Given that we now had our definition of a community member is and also what an active community member is, it seemed like we could provide some insight to managers from this data and embed that in the employee management portal.

As we were working through this, we found that there was going to be a new component added to the employee management portal labeled “My involvement”, which was intended to capture and display information about how the employee has been involved in the company at large – things like formal recognition they’ve received or recognition they’ve given to others (as part of our employee recognition program) or other ways in which they’ve been “involved”.

This seemed like a perfectly natural place in which we can expose insights to employees and their managers about an employee’s involvement in communities of practice!

So we had a place and the data – it became a simple matter of getting an enhancement into the queue for the employee management portal to expose the data there. It took a few months, but we managed to do that and now employees can view their own involvement and managers can view their employees’ involvement in our communities. The screenshot below shows the part of the employee management portal where an employee or manager can see this view (as with other images, I’ve obscured some of the details a bit here):

Community Involvement in Employee Management Portal

Community Involvement in Employee Management Portal

The Value?

So, what has been the value of this exposure? How has it been used?

While this helps to make some of the conversations between manager and employee about community involvement a bit more concrete, we do recognize that this is still a very partial picture of that involvement. There are many ways in which an employee can be involved in and add value to and learn from a community that goes beyond this simplistic data. (I’ll write more about this “partial picture” issue in a future post.)

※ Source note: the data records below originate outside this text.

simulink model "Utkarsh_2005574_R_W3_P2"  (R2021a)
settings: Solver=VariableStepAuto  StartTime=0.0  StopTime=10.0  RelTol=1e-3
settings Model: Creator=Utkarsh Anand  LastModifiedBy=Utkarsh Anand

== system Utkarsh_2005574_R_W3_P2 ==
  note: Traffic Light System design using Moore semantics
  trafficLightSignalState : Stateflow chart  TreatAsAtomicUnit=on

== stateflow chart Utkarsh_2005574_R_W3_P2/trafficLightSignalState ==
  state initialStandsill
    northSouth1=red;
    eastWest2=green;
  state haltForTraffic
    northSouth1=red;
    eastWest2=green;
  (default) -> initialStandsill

That being said, providing this insight to managers has proved very valuable to engender discussions between a manager and an employee about the employee’s community involvement – what they have learned (how it has effected their career development) and also how it might have contributed to their performance. This discussion, by itself, has helped employees demonstrate their growth and value in ways that otherwise could have been a challenge.

For managers, this gives them insight into value their employees provide that otherwise would have been difficult to “see”.

For the community of practice program, this type of visibility has had an ancillary effect of encouraging more people to join communities as I suspect (though can not quantify) that some managers will ask employees about the communities of which they are a member and (more importantly in this regard) the ones in which they are not a member (but which they might be, either by work focus or interest).

Overall, simply including this insight builds an organizational expectation of involvement.